Instructions to follow :: All lines containing the string "small" must be copied from the entries.
(Data extracts begins)
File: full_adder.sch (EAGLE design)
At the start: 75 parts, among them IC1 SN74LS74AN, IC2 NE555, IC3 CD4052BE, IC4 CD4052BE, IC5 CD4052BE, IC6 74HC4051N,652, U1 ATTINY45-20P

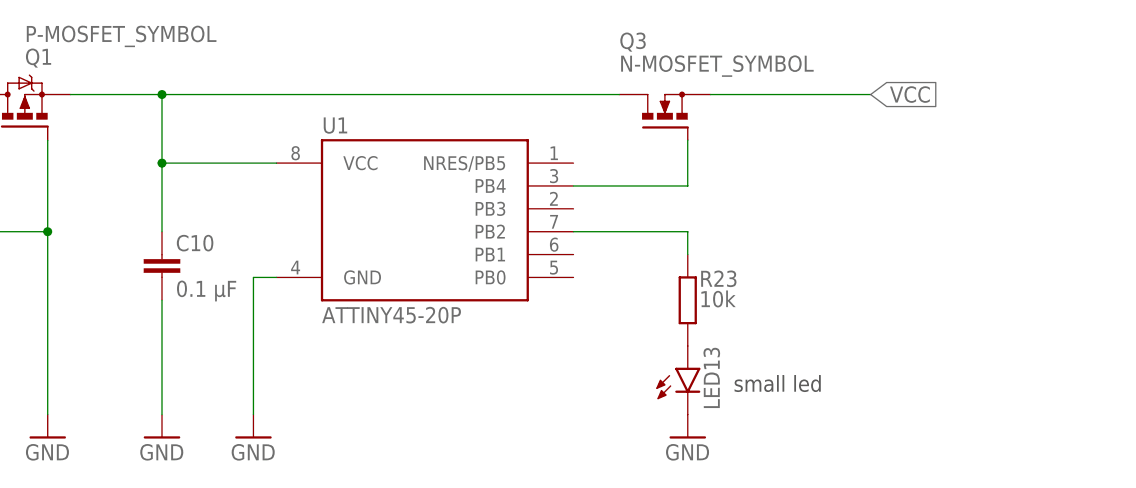
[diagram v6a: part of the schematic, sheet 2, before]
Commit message: fet pulldown
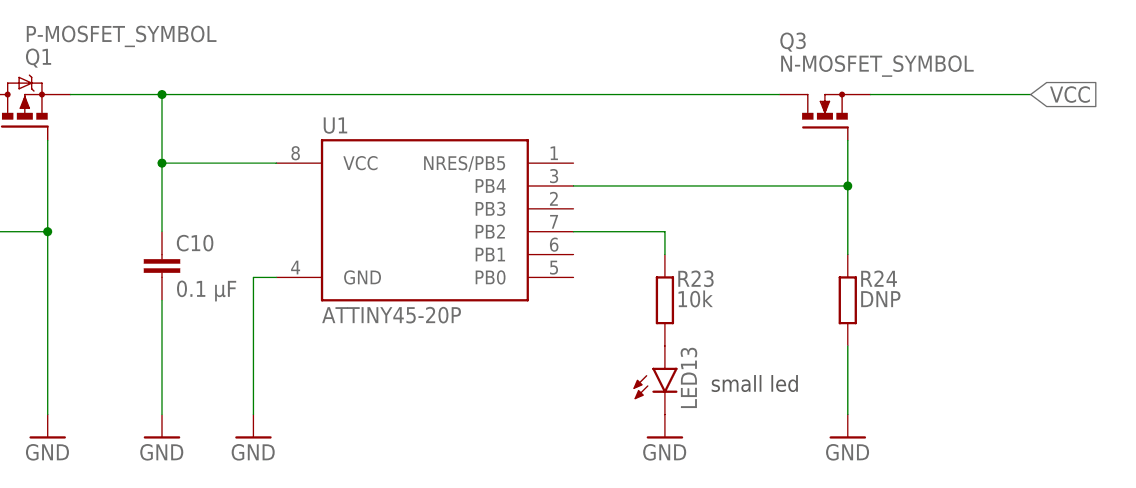
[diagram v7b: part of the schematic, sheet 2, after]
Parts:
- added R24: DNP, rcl:R-EU_R1206
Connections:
- net GND: now also R24.1
- net N$32: now also R24.2
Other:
- moved on the sheet: LED13, Q3, R23
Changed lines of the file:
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@@
 <part name="R23" library="rcl" library_urn="urn:adsk.eagle:library:334" deviceset="R-EU_" device="R1206" package3d_urn="urn:adsk.eagle:package:23540/2" value="10k"/>
 <part name="GND50" library="supply1" library_urn="urn:adsk.eagle:library:371" deviceset="GND" device=""/>
+<part name="R24" library="rcl" library_urn="urn:adsk.eagle:library:334" deviceset="R-EU_" device="R1206" package3d_urn="urn:adsk.eagle:package:23540/2" value="DNP"/>
+<part name="GND51" library="supply1" library_urn="urn:adsk.eagle:library:371" deviceset="GND" device=""/>
 </parts>
 <sheets>
@@
 <plain>
 <text x="-177.8" y="190.5" size="3.81" layer="100">10 Reverse Polarity + Overdischarge Protection</text>
-<text x="-73.66" y="144.78" size="1.778" layer="97">small led</text>
+<text x="-76.2" y="144.78" size="1.778" layer="97">small led</text>
 </plain>
 <instances>
@@
 <attribute name="VALUE" x="-139.7" y="137.16" size="1.778" layer="96"/>
 </instance>
-<instance part="Q3" gate="G$1" x="-81.28" y="175.26" smashed="yes" rot="R90">
-<attribute name="NAME" x="-86.36" y="182.88" size="1.778" layer="95"/>
-<attribute name="VALUE" x="-86.36" y="180.34" size="1.778" layer="96"/>
-</instance>
-<instance part="LED13" gate="G$1" x="-78.74" y="147.32" smashed="yes">
-<attribute name="NAME" x="-75.184" y="142.748" size="1.778" layer="95" rot="R90"/>
-<attribute name="VALUE" x="-73.025" y="142.748" size="1.778" layer="96" rot="R90"/>
-</instance>
-<instance part="R23" gate="G$1" x="-78.74" y="154.94" smashed="yes" rot="R90">
-<attribute name="NAME" x="-77.47" y="156.4386" size="1.778" layer="95"/>
-<attribute name="VALUE" x="-77.47" y="154.178" size="1.778" layer="96"/>
-</instance>
-<instance part="GND50" gate="1" x="-78.74" y="139.7" smashed="yes">
-<attribute name="VALUE" x="-81.28" y="137.16" size="1.778" layer="96"/>
+<instance part="Q3" gate="G$1" x="-63.5" y="175.26" smashed="yes" rot="R90">
+<attribute name="NAME" x="-68.58" y="182.88" size="1.778" layer="95"/>
+<attribute name="VALUE" x="-68.58" y="180.34" size="1.778" layer="96"/>
+</instance>
+<instance part="LED13" gate="G$1" x="-81.28" y="147.32" smashed="yes">
+<attribute name="NAME" x="-77.724" y="142.748" size="1.778" layer="95" rot="R90"/>
+<attribute name="VALUE" x="-75.565" y="142.748" size="1.778" layer="96" rot="R90"/>
+</instance>
+<instance part="R23" gate="G$1" x="-81.28" y="154.94" smashed="yes" rot="R90">
+<attribute name="NAME" x="-80.01" y="156.4386" size="1.778" layer="95"/>
+<attribute name="VALUE" x="-80.01" y="154.178" size="1.778" layer="96"/>
+</instance>
+<instance part="GND50" gate="1" x="-81.28" y="139.7" smashed="yes">
+<attribute name="VALUE" x="-83.82" y="137.16" size="1.778" layer="96"/>
+</instance>
+<instance part="R24" gate="G$1" x="-60.96" y="154.94" smashed="yes" rot="R90">
+<attribute name="NAME" x="-59.69" y="156.4386" size="1.778" layer="95"/>
+<attribute name="VALUE" x="-59.69" y="154.178" size="1.778" layer="96"/>
+</instance>
+<instance part="GND51" gate="1" x="-60.96" y="139.7" smashed="yes">
+<attribute name="VALUE" x="-63.5" y="137.16" size="1.778" layer="96"/>
 </instance>
 </instances>
@@
 <pinref part="LED13" gate="G$1" pin="C"/>
 </segment>
+<segment>
+<pinref part="R24" gate="G$1" pin="1"/>
+<pinref part="GND51" gate="1" pin="GND"/>
+<wire x1="-60.96" y1="149.86" x2="-60.96" y2="142.24" width="0.1524" layer="91"/>
+</segment>
 </net>
 <net name="N$31" class="0">
@@
 <wire x1="-137.16" y1="177.8" x2="-137.16" y2="170.18" width="0.1524" layer="91"/>
 <wire x1="-137.16" y1="170.18" x2="-124.46" y2="170.18" width="0.1524" layer="91"/>
-<wire x1="-137.16" y1="177.8" x2="-86.36" y2="177.8" width="0.1524" layer="91"/>
+<wire x1="-137.16" y1="177.8" x2="-68.58" y2="177.8" width="0.1524" layer="91"/>
 <junction x="-137.16" y="177.8"/>
 <pinref part="C10" gate="G$1" pin="1"/>
@@
 <net name="VCC" class="0">
 <segment>
-<wire x1="-76.2" y1="177.8" x2="-58.42" y2="177.8" width="0.1524" layer="91"/>
-<label x="-58.42" y="177.8" size="1.778" layer="95" xref="yes"/>
+<wire x1="-58.42" y1="177.8" x2="-40.64" y2="177.8" width="0.1524" layer="91"/>
+<label x="-40.64" y="177.8" size="1.778" layer="95" xref="yes"/>
 </segment>
 </net>
@@
 <segment>
 <pinref part="U1" gate="G$1" pin="PB4"/>
-<wire x1="-91.44" y1="167.64" x2="-78.74" y2="167.64" width="0.1524" layer="91"/>
-<wire x1="-78.74" y1="167.64" x2="-78.74" y2="172.72" width="0.1524" layer="91"/>
+<wire x1="-91.44" y1="167.64" x2="-60.96" y2="167.64" width="0.1524" layer="91"/>
+<wire x1="-60.96" y1="167.64" x2="-60.96" y2="172.72" width="0.1524" layer="91"/>
+<pinref part="R24" gate="G$1" pin="2"/>
+<wire x1="-60.96" y1="167.64" x2="-60.96" y2="160.02" width="0.1524" layer="91"/>
+<junction x="-60.96" y="167.64"/>
 </segment>
 </net>
@@
 <segment>
 <pinref part="U1" gate="G$1" pin="PB2"/>
-<wire x1="-91.44" y1="162.56" x2="-78.74" y2="162.56" width="0.1524" layer="91"/>
+<wire x1="-91.44" y1="162.56" x2="-81.28" y2="162.56" width="0.1524" layer="91"/>
 <pinref part="R23" gate="G$1" pin="2"/>
-<wire x1="-78.74" y1="162.56" x2="-78.74" y2="160.02" width="0.1524" layer="91"/>
-</segment>
-</net>
+<wire x1="-81.28" y1="162.56" x2="-81.28" y2="160.02" width="0.1524" layer="91"/>
+</segment>
+</net>

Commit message: finalization + cleanup
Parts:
- removed C1: 0.01 µF, rcl:C-EU025-024X044
- removed C10, C3, C4, C8: 0.1 µF, rcl:C-EU025-024X044
- removed C2: 1 µF, rcl:C-EU025-024X044
- removed GND_IN, VCC_IN: LSP11, solpad:LSP11
- removed IC1: SN74LS74AN, SN74LS74AN:SN74LS74AN
- removed IC2: NE555, st-microelectronics_555_timer:NE555
- removed LED1, LED10, LED11, LED12, LED13, LED2, LED3, LED4, LED5, LED6, LED7, LED8, LED9: (no value), led:LED5MM
- removed R1, R17, R18, R19, R2, R20: 1k, rcl:R-EU_R1206
- removed R10, R11, R12, R13, R14, R15, R4, R5, R6, R7, R8, R9: 2k2, rcl:R-EU_R1206
- removed R23: 10k, rcl:R-EU_R1206
- removed R24: DNP, rcl:R-EU_R1206
- removed R3: 1M, custom:POTENTIOMETER
- removed S1: KM28C65A-20, custom:KM28C65A-20
- removed U$1, U$2, U$3, U$4, U$5, U$6, U$7, U$8: TOGGLESWITCH, custom:TOGGLESWITCH
- removed U1: ATTINY45-20P, _hhn_attiny25_45_85:ATTINY45-20P
- added C101, C301, C302, C303, C304, C305, C401, C603, C701: 0.1 µF, rcl:C-EU025-024X044
- added C601: 1 µF, rcl:C-EU025-024X044
- added C602: 0.01 µF, rcl:C-EU025-024X044
- added GND_IN1, VCC_IN1: LSP11, solpad:LSP11
- added LED1001, LED1002, LED1003, LED1004, LED1005, LED101, LED1101, LED1102, LED1103, LED1104, LED1105, LED1106, LED1107, LED1108: (no value), led:LED5MM
- added R1001, R1002, R1003, R1004, R1005, R1101, R1102, R1103, R1104, R1105, R1106, R1107, R1108: 2k2, rcl:R-EU_R1206
- added R101: 10k, rcl:R-EU_R1206
- added R102: DNP, rcl:R-EU_R1206
- added R401, R402, R406, R407, R601, R602: 1k, rcl:R-EU_R1206
- added R603: 1M, custom:POTENTIOMETER
- added S901, S902, S903, S904, S905, S906, S907, S908: TOGGLESWITCH, custom:TOGGLESWITCH
- added U1001, U1002, U1003: FDS6892A, SamacSys_Parts:FDS6892A
- added U101: ATTINY45-20P, _hhn_attiny25_45_85:ATTINY45-20P
- added U401: KM28C65A-20, custom:KM28C65A-20
- added U601: NE555, st-microelectronics_555_timer:NE555
- added U701: SN74LS74AN, SN74LS74AN:SN74LS74AN
- renumbered AND_1 to AND_301, AND_2 to AND_302, C5 to C501, C6 to C202, C7 to C203, C9 to C201, IC3 to U201, IC4 to U202, IC5 to U203, IC6 to U501, OR_1 to OR_301, R16 to R403, R21 to R404, R22 to R405, XOR_1 to XOR_301, XOR_2 to XOR_302
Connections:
- removed net N$30: VCC_IN.MP
- removed net N$31: C10.1, U1.VCC
- removed net N$32: R24.2, U1.PB4
- removed net N$33: LED13.A, R23.1
- removed net N$34: R23.2, U1.PB2
- new net N$35: LED1005.A, R1005.1
- new net N$36: LED1001.C, U1001.D1, U1001.D1_1
- new net N$37: LED1002.C, U1001.D2, U1001.D2_1
- new net N$38: LED1003.C, U1002.D1, U1002.D1_1
- new net N$39: LED1005.C, U1003.D1, U1003.D1_1
- new net N$40: LED1004.C, U1002.D2, U1002.D2_1
- new net N$41: VCC_IN1.MP
- new net N$42: C101.1, U101.VCC
- new net N$43: R102.2, U101.PB4
- new net N$44: LED101.A, R101.1
- new net N$45: R101.2, U101.PB2
- net A0: now also R1101.2, S901.P$X; no longer R4.2, U$1.P$X
- net A1: now also R1102.2, S902.P$X; no longer R5.2, U$2.P$X
- net A2: now also R1103.2, S903.P$X; no longer R6.2, U$3.P$X
- net A3: now also R1104.2, S904.P$X; no longer R7.2, U$4.P$X
- net B0: now also R1105.2, S905.P$X; no longer R8.2, U$5.P$X
- net B1: now also R1106.2, S906.P$X; no longer R9.2, U$6.P$X
- net B2: now also R1107.2, S907.P$X; no longer R10.2, U$7.P$X
- net B3: now also R1108.2, S908.P$X; no longer R11.2, U$8.P$X
- net BCD_DATA_A: now also R401.1, R401.2, U401.I/O0; no longer R403.1, R403.2, S1.I/O0
- net BCD_DATA_B: now also R402.1, R402.2, U401.I/O1; no longer R17.1, R17.2, S1.I/O1
- net BCD_DATA_C: now also R403.1, R403.2, U401.I/O2; no longer R18.1, R18.2, S1.I/O2
- net BCD_DATA_D: now also R404.1, R404.2, U401.I/O3; no longer R19.1, R19.2, S1.I/O3
- net BCD_DATA_E: now also R405.1, R405.2, U401.I/O4; no longer R20.1, R20.2, S1.I/O4
- net BCD_DATA_F: now also R406.1, R406.2, U401.I/O5; no longer R404.1, R404.2, S1.I/O5
- net BCD_DATA_G: now also R407.1, R407.2, U401.I/O6; no longer R405.1, R405.2, S1.I/O6
- net C1: now also U701.1!Q, U701.1D, U701.1Q, U701.2CLK; no longer IC1.1!Q, IC1.1D, IC1.1Q, IC1.2CLK
- net C2: now also U701.2Q; no longer IC1.2Q
- net CLK: now also U401.A5, U601.OUT, U701.1CLK; no longer IC1.1CLK, IC2.OUT, S1.A5
- net COUT_3: now also U1003.G1
- net DISP_DATA_0: now also U401.A0; no longer S1.A0
- net DISP_DATA_1: now also U401.A1; no longer S1.A1
- net DISP_DATA_2: now also U401.A2; no longer S1.A2
- net DISP_DATA_3: now also U401.A3; no longer S1.A3
- net DISP_DATA_4: now also U401.A4; no longer S1.A4
- net GND: now also C101.2, C301.2, C302.2, C303.2, C304.2, C305.2, C401.2, C601.2, C602.2, C603.2, C701.2, GND_IN1.MP, LED101.C, LED1101.C, LED1102.C, LED1103.C, LED1104.C, LED1105.C, LED1106.C, LED1107.C, LED1108.C, R102.1, S901.P$A, S902.P$A, S903.P$A, S904.P$A, S905.P$A, S906.P$A, S907.P$A, S908.P$A, U1001.S1, U1001.S2, U1002.S1, U1002.S2, U1003.S1, U101.GND, U401.!CE, U401.!OE, U401.A10, U401.A11, U401.A12, U401.A6, U401.A7, U401.A8, U401.A9, U401.GND, U601.GND, U701.GND; no longer C1.2, C10.2, C2.2, C3.2, C4.2, C8.2, GND_IN.MP, IC1.GND, IC2.GND, LED1.C, LED10.C, LED11.C, LED12.C, LED13.C, LED2.C, LED3.C, LED4.C, LED5.C, LED6.C, LED7.C, LED8.C, LED9.C, R24.1, S1.!CE, S1.!OE, S1.A10, S1.A11, S1.A12, S1.A6, S1.A7, S1.A8, S1.A9, S1.GND, U$1.P$A, U$2.P$A, U$3.P$A, U$4.P$A, U$5.P$A, U$6.P$A, U$7.P$A, U$8.P$A, U1.GND
- net N$11: now also C602.1, U601.CON; no longer C1.1, IC2.CON
- net N$14: now also C601.1, R603.P$2, U601.TRE, U601.TRI; no longer C2.1, IC2.TRE, IC2.TRI, R3.P$2
- net N$15: now also R602.1, R603.P$1; no longer R2.1, R3.P$1
- net N$16: now also R601.1, R602.2, U601.DIS; no longer IC2.DIS, R1.1, R2.2
- net N$17: now also U701.2!Q, U701.2D; no longer IC1.2!Q, IC1.2D
- net N$18: now also LED1101.A, R1101.1; no longer LED1.A, R4.1
- net N$19: now also LED1102.A, R1102.1; no longer LED2.A, R5.1
- net N$20: now also LED1103.A, R1103.1; no longer LED3.A, R6.1
- net N$21: now also LED1104.A, R1104.1; no longer LED4.A, R7.1
- net N$22: now also LED1105.A, R1105.1; no longer LED5.A, R8.1
- net N$23: now also LED1106.A, R1106.1; no longer LED6.A, R9.1
- net N$24: now also LED1107.A, R1107.1; no longer LED7.A, R10.1
- net N$25: now also LED1108.A, R1108.1; no longer LED8.A, R11.1
- net N$26: now also LED1001.A, R1001.1; no longer LED9.A, R12.1
- net N$27: now also LED1002.A, R1002.1; no longer LED10.A, R13.1
- net N$28: now also LED1003.A, R1003.1; no longer LED11.A, R14.1
- net N$29: now also LED1004.A, R1004.1; no longer LED12.A, R15.1
- net S0: now also U1001.G1; no longer R12.2
- net S1: now also U1001.G2; no longer R13.2
- net S2: now also U1002.G1; no longer R14.2
- net S3: now also U1002.G2; no longer R15.2
- net VCC: now also C301.1, C302.1, C303.1, C304.1, C305.1, C401.1, C603.1, C701.1, R1001.2, R1002.2, R1003.2, R1004.2, R1005.2, R601.2, S901.P$B, S902.P$B, S903.P$B, S904.P$B, S905.P$B, S906.P$B, S907.P$B, S908.P$B, U401.!WE, U401.VCC, U601./RES, U601.VCC+, U701.1!CLR, U701.1!PRE, U701.2!CLR, U701.2!PRE, U701.VCC; no longer C3.1, C4.1, C8.1, IC1.1!CLR, IC1.1!PRE, IC1.2!CLR, IC1.2!PRE, IC1.VCC, IC2./RES, IC2.VCC+, R1.2, S1.!WE, S1.VCC, U$1.P$B, U$2.P$B, U$3.P$B, U$4.P$B, U$5.P$B, U$6.P$B, U$7.P$B, U$8.P$B
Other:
- note added: "1 Reverse Polarity + Overdischarge Protection"
- note added: "10 Binary Output LEDs"
- note added: "11 Binary Input LEDs"
- note added: "2 Input MUX"
- note added: "3 Adder"
- note added: "4 EEPROM (bcd decoder)"
- note added: "5 Output MUX"
- note added: "6 Clock"
- note added: "7 counter"
- note added: "8 7-segment displays"
- note added: "9 Input Selection"
- note removed: "1 clock"
- note removed: "10 Reverse Polarity + Overdischarge Protection"
- note removed: "2 counter"
- note removed: "3 input MUX"
- note removed: "4 Adder"
- note removed: "5 EEPROM (bcd decoder)"
- note removed: "6 output MUX"
- note removed: "7 input selection"
- note removed: "8 binary outputs"
- note removed: "9 7-segment displays"
- note removed: "transistor array fehlt"
(Data extracts ends)
Answer to this exercise ::
-<text x="-73.66" y="144.78" size="1.778" layer="97">small led</text>
+<text x="-76.2" y="144.78" size="1.778" layer="97">small led</text>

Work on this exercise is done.